Oh the internet, always good for new revolutions!" Thomas Goetz writes in the Sunday supplement about the self-help website PatientsLikeMe where victims of chronic diseases like MS, Parkinson's or Aids can exchange their experiences. It might look like a 'Myspace' for patients at first, of which there are a multitude of sites, but Goetz points to a key difference: the patients at PatientsLikeMe produce "hard data". "The members of PatientsLikeMe don’t just share their experiences anecdotally; they quantify them, breaking down their symptoms and treatments into hard data. They note what hurts, where and for how long. They list their drugs and dosages and score how well they alleviate their symptoms. All this gets compiled over time, aggregated and crunched into tidy bar graphs and progress curves by the software behind the site. And it’s all open for comparison and analysis. By telling so much, the members of PatientsLikeMe are creating a rich database of disease treatment and patient experience."
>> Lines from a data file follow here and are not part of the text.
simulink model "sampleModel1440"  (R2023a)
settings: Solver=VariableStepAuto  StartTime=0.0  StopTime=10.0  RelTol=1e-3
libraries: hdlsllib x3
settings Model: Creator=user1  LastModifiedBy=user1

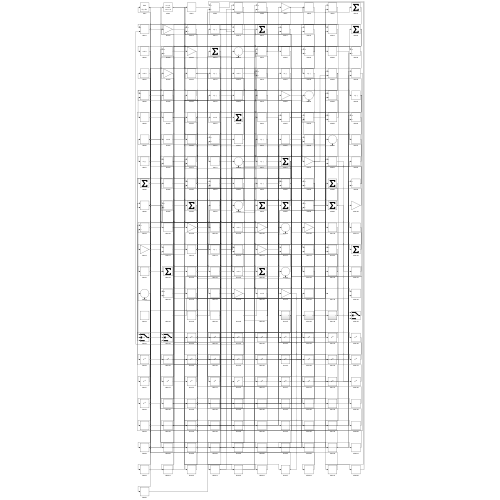
[thumbnail: Simulink's stored preview of the top-level diagram]
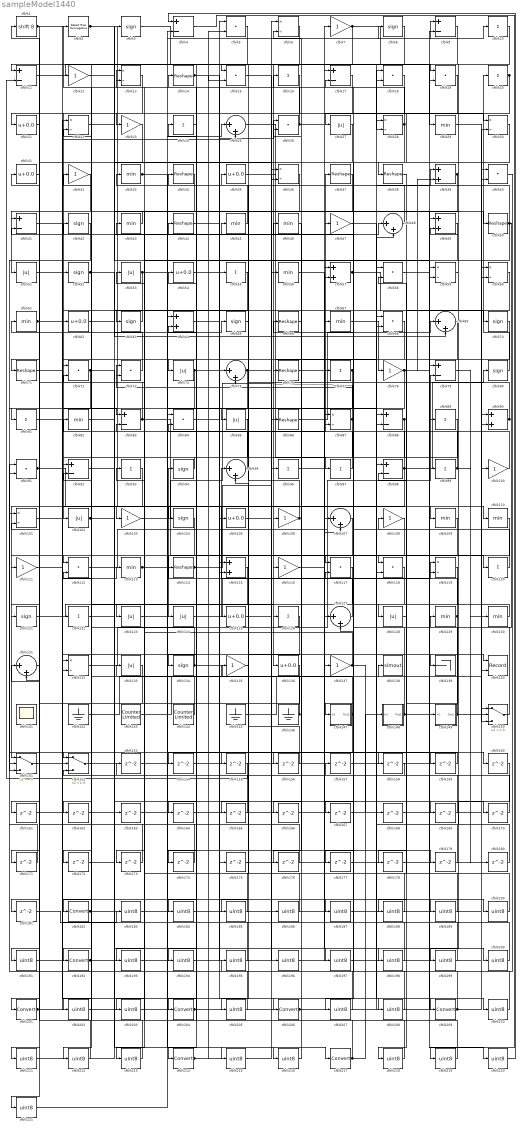
== system sampleModel1440 ==
  cfblk1 : ArithShift  BitShiftNumber=8
  cfblk{10,16,20,24,55,77,81,89,93,96..97,99,120,122,126} (15 alike) : Sum  Inputs=+
  cfblk{7,12,23,32,47,78,100,103,106,108,111,116,135,137} (14 alike) : Gain
  cfblk{6,13,22,28,30,36,59..60,87,101,119,132} (12 alike) : Product  Inputs=*/  RndMeth=Zero  SaturateOnIntegerOverflow=on
  cfblk{27,51,53,74,85,102,123..124,128,133} (10 alike) : Abs  SaturateOnIntegerOverflow=off
  cfblk{3,8,42,52,63,65,70,80,94,104,121,134} (12 alike) : Signum
  cfblk{21,31,35,54,62,105,125,136} (8 alike) : Bias  Bias=0.0  SaturateOnIntegerOverflow=off
  cfblk{25,48,69,75,95,107,127,131} (8 alike) : Sum  Inputs=|++
  cfblk{29,33,43,45..46,56,61,67,82,109..110,113,129..130} (14 alike) : MinMax
  cfblk{4,9,11,17,41,79,83,88,92,98} (10 alike) : Sum  Inputs=+-
  cfblk{5,15,18..19,26,40,58,68,72..73,84,91,112,117..118} (15 alike) : DotProduct  OutDataTypeStr=Inherit: Inherit via internal rule
  cfblk{14,34,37..38,44,50,66,71,76,86,114} (11 alike) : Reshape
  cfblk{39,49,57,64,90,115} (6 alike) : Sum
  cfblk138 : ToWorkspace  VariableName=simout  SaveFormat=Timeseries  SampleTime=-1
  cfblk139 : Terminator
  cfblk140 : Record  FileSettingsInternal="{\"entries\":[{\"content\":{\"excelSettings\":{\"content\":{},\"type\":\"Streamout.ExcelSettings\"}},\"type\":\"Streamout.FileSettingStorage\",\"uuid\":\"\"}],\"packageUris\":[\"http:\\/\\/schema.mathworks.com\\/mf0\\/streamout_blocks\\/R2020a\"],\"version\":\"1.0\"}"  Layout=[1 1]  SignalsInternal="{\"entries\":[{\"content\":{\"signals\":[{\"content\":{\"blockPath\":[],\"dimensions\":[1],\"domain\":\"\",\"lineColor\":\"#a2142f\",\"plots\":[1],\"port\":1,\"signalID\":573,\"signalName\":\"XY Graph:1\"},\"type\":\"RecordBlkView.Signal\",\"uuid\":\"\"},{\"content\":{\"blockPath\":[],\"dimensions\":[1],\"domain\":\"\",\"lineColor\":\"#139fff\",\"plots\":[1],\"port\":2,\"signalID\":576,\"signalName\":\"XY Graph:2\"},\"type\":\"RecordBlkView.Signal\",\"uuid\":\"\"}]},\"type\":\"RecordBlkView.InputSignals\",\"uuid\":\"\"}],\"packageUris\":[\"http:\\/\\/schema.mathworks.com\\/mf0\\/streamout_blocks\\/R2020a\"],\"version\":\"1.0\"}"  VisualizationBindings="{\"xyplotplugin\":{\"info\":[{\"series\":[{\"bindingParametersList\":[{\"parameter\":\"X-Axis\",\"signalID\":573,\"signalName\":\"XY Graph:1\"},{\"parameter\":\"Y-Axis\",\"signalID\":576,\"signalName\":\"XY Graph:2\"}],\"seriesID\":1150}],\"subplotID\":1}]}}"  CompatibilityTag=XY  st=-1
  cfblk141 : Scope
      settings: Floating=on
  cfblk142 : Ground
  cfblk143 : hdlsllib/Sources/Counter Limited  uplimit=7  tsamp=-1
  cfblk144 : hdlsllib/Sources/Counter Limited  uplimit=7  tsamp=-1
  cfblk145 : Ground
  cfblk146 : Ground
  cfblk147 : Subsystem
      settings: LibrarySourceBlock=|
      | hdlsllib/Ports &
      | Subsystems/Subsystem
  cfblk148 : Subsystem
      settings: LibrarySourceBlock=|
      | hdlsllib/Ports &
      | Subsystems/Subsystem
  cfblk149 : Subsystem
      settings: LibrarySourceBlock=|
      | hdlsllib/Ports &
      | Subsystems/Subsystem
  cfblk150 : Switch  SaturateOnIntegerOverflow=off  InputSameDT=off
  cfblk151 : Switch  SaturateOnIntegerOverflow=off  InputSameDT=off
  cfblk152 : Switch  SaturateOnIntegerOverflow=off  InputSameDT=off
  cfblk{153..181} (29 alike) : Delay  SampleTime=1
  cfblk{182,192,201,204,206,209,214,217} (8 alike) : DataTypeConversion  SaturateOnIntegerOverflow=off  RndMeth=Floor
  cfblk{183..191,193..200,202..203,205,207..208,210..213,215..216,218..221} (32 alike) : DataTypeConversion  OutDataTypeStr=uint8  SaturateOnIntegerOverflow=off  RndMeth=Floor
  cfblk2 : hdlsllib/Logic and Bit Operations/Detect Rise Nonnegative  vinit=0  OutDataTypeStr=boolean
  wires:
  cfblk80/1 -> cfblk20/1
  cfblk25/1 -> cfblk97/1
  cfblk108/1 -> cfblk151/1
  cfblk79/1 -> cfblk130/1
  cfblk124/1 -> cfblk119/1
  cfblk104/1 -> cfblk124/1
  cfblk19/1 -> cfblk102/1
  cfblk86/1 -> cfblk69/1
  cfblk106/1 -> cfblk103/1, cfblk35/1
  cfblk85/1 -> cfblk134/1
  cfblk48/1 -> cfblk34/1
  cfblk27/1 -> cfblk136/1
  cfblk99/1 -> cfblk37/1, cfblk180/1
  cfblk39/1 -> cfblk119/2, cfblk74/1
  cfblk134/1 -> cfblk138/1, cfblk22/2
  cfblk59/1 -> cfblk11/1
  cfblk56/1 -> cfblk137/1
  cfblk98/1 -> cfblk80/1, cfblk99/1, cfblk87/1, cfblk221/1
  cfblk8/1 -> cfblk76/1
  cfblk113/1 -> cfblk8/1, cfblk87/2, cfblk159/1
  cfblk2/1 -> cfblk106/1, cfblk36/2
  cfblk67/1 -> cfblk78/1
  cfblk93/1 -> cfblk111/1
  cfblk112/1 -> cfblk7/1
  cfblk83/1 -> cfblk120/1, cfblk61/1
  cfblk50/1 -> cfblk129/1, cfblk26/2, cfblk177/1, cfblk193/1
  cfblk127/1 -> cfblk94/1
  cfblk81/1 -> cfblk83/1
  cfblk143/1 -> cfblk100/1
  cfblk146/1 -> cfblk83/2, cfblk12/1
  cfblk14/1 -> cfblk15/2, cfblk160/1
  cfblk142/1 -> cfblk79/1
  cfblk37/1 -> cfblk123/1
  cfblk88/1 -> cfblk115/2, cfblk173/1
  cfblk103/1 -> cfblk36/1
  cfblk90/1 -> cfblk77/1, cfblk41/2
  cfblk36/1 -> cfblk114/1
  cfblk95/1 -> cfblk53/1
  cfblk82/1 -> cfblk217/1
  cfblk129/1 -> cfblk95/1, cfblk108/1, cfblk158/1
  cfblk117/1 -> cfblk152/1
  cfblk11/1 -> cfblk19/1
  cfblk132/1 -> cfblk79/2
  cfblk35/1 -> cfblk88/1
  cfblk16/1 -> cfblk23/1
  cfblk102/1 -> cfblk109/1, cfblk44/1
  cfblk42/1 -> cfblk151/3
  cfblk152/1 -> cfblk59/1
  cfblk78/1 -> cfblk10/1, cfblk39/2, cfblk166/1
  cfblk10/1 -> cfblk28/2
  cfblk30/1 -> cfblk121/1
  cfblk75/1 -> cfblk48/1, cfblk194/1
  cfblk53/1 -> cfblk63/1, cfblk25/1
  cfblk32/1 -> cfblk51/1
  cfblk63/1 -> cfblk62/1
  cfblk49/1 -> cfblk117/1
  cfblk6/1 -> cfblk214/1
  cfblk24/1 -> cfblk204/1
  cfblk107/1 -> cfblk192/1
  cfblk45/1 -> cfblk33/1
  cfblk66/1 -> cfblk116/1
  cfblk43/1 -> cfblk41/1
  cfblk65/1 -> cfblk45/1
  cfblk34/1 -> cfblk81/1
  cfblk148/1(Out1) -> cfblk13/1, cfblk220/1
  cfblk97/1 -> cfblk32/1
  cfblk151/1 -> cfblk113/1
  cfblk26/1 -> cfblk2/1, cfblk30/1
  cfblk29/1 -> cfblk150/3
  cfblk1/1 -> cfblk21/1, cfblk139/1
  cfblk9/1 -> cfblk71/1
  cfblk20/1 -> cfblk85/1, cfblk38/1
  cfblk22/1 -> cfblk50/1
  cfblk60/1 -> cfblk118/1
  cfblk137/1 -> cfblk43/1, cfblk168/1
  cfblk105/1 -> cfblk140/1
  cfblk87/1 -> cfblk75/2, cfblk176/1
  cfblk61/1 -> cfblk104/1, cfblk25/2
  cfblk91/1 -> cfblk125/1, cfblk110/1
  cfblk18/1 -> cfblk201/1
  cfblk74/1 -> cfblk26/1, cfblk203/1
  cfblk130/1 -> cfblk128/1
  cfblk3/1 -> cfblk15/1
  cfblk73/1 -> cfblk31/1
  cfblk62/1 -> cfblk46/1
  cfblk145/1 -> cfblk19/2
  cfblk5/1 -> cfblk52/1
  cfblk33/1 -> cfblk88/2, cfblk216/1
  cfblk28/1 -> cfblk16/1, cfblk27/1, cfblk147/1(In1)
  cfblk57/1 -> cfblk149/1(In1), cfblk39/1
  cfblk114/1 -> cfblk56/1, cfblk89/1
  cfblk147/1(Out1) -> cfblk13/2, cfblk164/1, cfblk165/1
  cfblk120/1 -> cfblk66/1
  cfblk121/1 -> cfblk126/1
  cfblk72/1 -> cfblk91/2, cfblk197/1
  cfblk94/1 -> cfblk92/1
  cfblk44/1 -> cfblk105/1
  cfblk101/1 -> cfblk206/1
  cfblk118/1 -> cfblk127/2
  cfblk68/1 -> cfblk182/1
  cfblk149/1(Out1) -> cfblk90/1, cfblk42/1
  cfblk150/1 -> cfblk98/2
  cfblk7/1 -> cfblk29/1, cfblk155/1
  cfblk77/1 -> cfblk112/1, cfblk73/2, cfblk154/1
  cfblk111/1 -> cfblk152/2
  cfblk12/1 -> cfblk59/2
  cfblk100/1 -> cfblk73/1
  cfblk144/1 -> cfblk93/1
  cfblk58/1 -> cfblk49/1
  cfblk92/1 -> cfblk65/1
  cfblk69/1 -> cfblk132/2
  cfblk41/1 -> cfblk72/1
  cfblk52/1 -> cfblk70/1, cfblk69/2
  cfblk116/1 -> cfblk67/1
  cfblk54/1 -> cfblk9/1
  cfblk47/1 -> cfblk209/1
  cfblk153/1 -> cfblk127/1
  cfblk155/1 -> cfblk11/2
  cfblk46/1 -> cfblk156/1
  cfblk156/1 -> cfblk95/2
  cfblk157/1 -> cfblk58/1
  cfblk158/1 -> cfblk152/3
  cfblk159/1 -> cfblk151/2
  cfblk23/1 -> cfblk161/1
  cfblk161/1 -> cfblk75/1
  cfblk136/1 -> cfblk162/1
  cfblk162/1 -> cfblk28/1
  cfblk163/1 -> cfblk5/1
  cfblk164/1 -> cfblk48/2
  cfblk165/1 -> cfblk92/2
  cfblk166/1 -> cfblk90/2
  cfblk119/1 -> cfblk167/1
  cfblk167/1 -> cfblk118/2
  cfblk168/1 -> cfblk60/1
  cfblk125/1 -> cfblk169/1
  cfblk169/1 -> cfblk57/1
  cfblk122/1 -> cfblk170/1
  cfblk170/1 -> cfblk17/1
  cfblk133/1 -> cfblk171/1
  cfblk171/1 -> cfblk91/1
  cfblk89/1 -> cfblk172/1
  cfblk173/1 -> cfblk1/1
  cfblk115/1 -> cfblk174/1
  cfblk174/1 -> cfblk22/1
  cfblk175/1 -> cfblk150/2
  cfblk176/1 -> cfblk112/2
  cfblk177/1 -> cfblk117/2
  cfblk38/1 -> cfblk178/1
  cfblk178/1 -> cfblk150/1
  cfblk123/1 -> cfblk179/1
  cfblk179/1 -> cfblk98/1
  cfblk180/1 -> cfblk49/2
  cfblk31/1 -> cfblk181/1
  cfblk182/1 -> cfblk57/2, cfblk140/2
  cfblk181/1 -> cfblk183/1
  cfblk183/1 -> cfblk68/1
  cfblk70/1 -> cfblk184/1
  cfblk184/1 -> cfblk68/2
  cfblk135/1 -> cfblk185/1
  cfblk185/1 -> cfblk153/1
  cfblk186/1 -> cfblk135/1
  cfblk64/1 -> cfblk187/1
  cfblk187/1 -> cfblk157/1
  cfblk128/1 -> cfblk188/1
  cfblk188/1 -> cfblk64/1
  cfblk51/1 -> cfblk189/1
  cfblk189/1 -> cfblk64/2
  cfblk96/1 -> cfblk190/1
  cfblk190/1 -> cfblk58/2
  cfblk21/1 -> cfblk191/1
  cfblk191/1 -> cfblk96/1
  cfblk192/1 -> cfblk175/1, cfblk115/1, cfblk72/2
  cfblk193/1 -> cfblk107/1
  cfblk194/1 -> cfblk107/2
  cfblk40/1 -> cfblk195/1
  cfblk195/1 -> cfblk132/1
  cfblk15/1 -> cfblk196/1
  cfblk196/1 -> cfblk40/1
  cfblk197/1 -> cfblk40/2
  cfblk84/1 -> cfblk198/1
  cfblk198/1 -> cfblk14/1
  cfblk160/1 -> cfblk199/1
  cfblk199/1 -> cfblk84/1
  cfblk76/1 -> cfblk200/1
  cfblk200/1 -> cfblk84/2
  cfblk201/1 -> cfblk122/1, cfblk3/1
  cfblk17/1 -> cfblk202/1
  cfblk202/1 -> cfblk18/1
  cfblk203/1 -> cfblk18/2
  cfblk204/1 -> cfblk86/1, cfblk55/1
  cfblk126/1 -> cfblk205/1
  cfblk205/1 -> cfblk24/1
  cfblk206/1 -> cfblk9/2, cfblk60/2
  cfblk109/1 -> cfblk207/1
  cfblk207/1 -> cfblk101/1
  cfblk154/1 -> cfblk208/1
  cfblk208/1 -> cfblk101/2
  cfblk209/1 -> cfblk30/2, cfblk17/2
  cfblk71/1 -> cfblk210/1
  cfblk210/1 -> cfblk47/1
  cfblk131/1 -> cfblk211/1
  cfblk211/1 -> cfblk163/1
  cfblk13/1 -> cfblk212/1
  cfblk212/1 -> cfblk131/1
  cfblk55/1 -> cfblk213/1
  cfblk213/1 -> cfblk131/2
  cfblk214/1 -> cfblk186/1, cfblk5/2
  cfblk172/1 -> cfblk215/1
  cfblk215/1 -> cfblk6/1
  cfblk216/1 -> cfblk6/2
  cfblk217/1 -> cfblk133/1, cfblk148/1(In1)
  cfblk110/1 -> cfblk218/1
  cfblk218/1 -> cfblk82/1
  cfblk4/1 -> cfblk219/1
  cfblk219/1 -> cfblk54/1
  cfblk220/1 -> cfblk4/1
  cfblk221/1 -> cfblk4/2

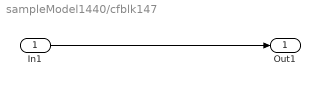
== system sampleModel1440/cfblk147 ==
  In1 : Inport
  Out1 : Outport
  wires:
  In1/1 -> Out1/1

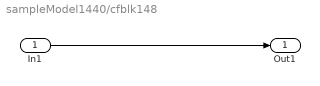
== system sampleModel1440/cfblk148 ==
  In1 : Inport
  Out1 : Outport
  wires:
  In1/1 -> Out1/1

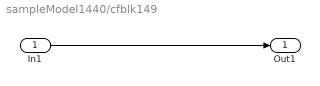
== system sampleModel1440/cfblk149 ==
  In1 : Inport
  Out1 : Outport
  wires:
  In1/1 -> Out1/1

In the Book Review Colm Toibin reviews the controversial new book from Nicholson Baker "Human Smoke", (first chapter), in which Baker decries the war crimes of the western allies in the Second World War, and asks what chances pacifist politics could have had on a global level. (For Toibin, the book's narrative construction and its skillful construction make it "a serious and conscientious contribution to the debate about pacifism"). There is also a review of Martha Nussbaum's new book about religious tolerance (more here) and of Sarah Boxer's anthology "The Ultimate Blog."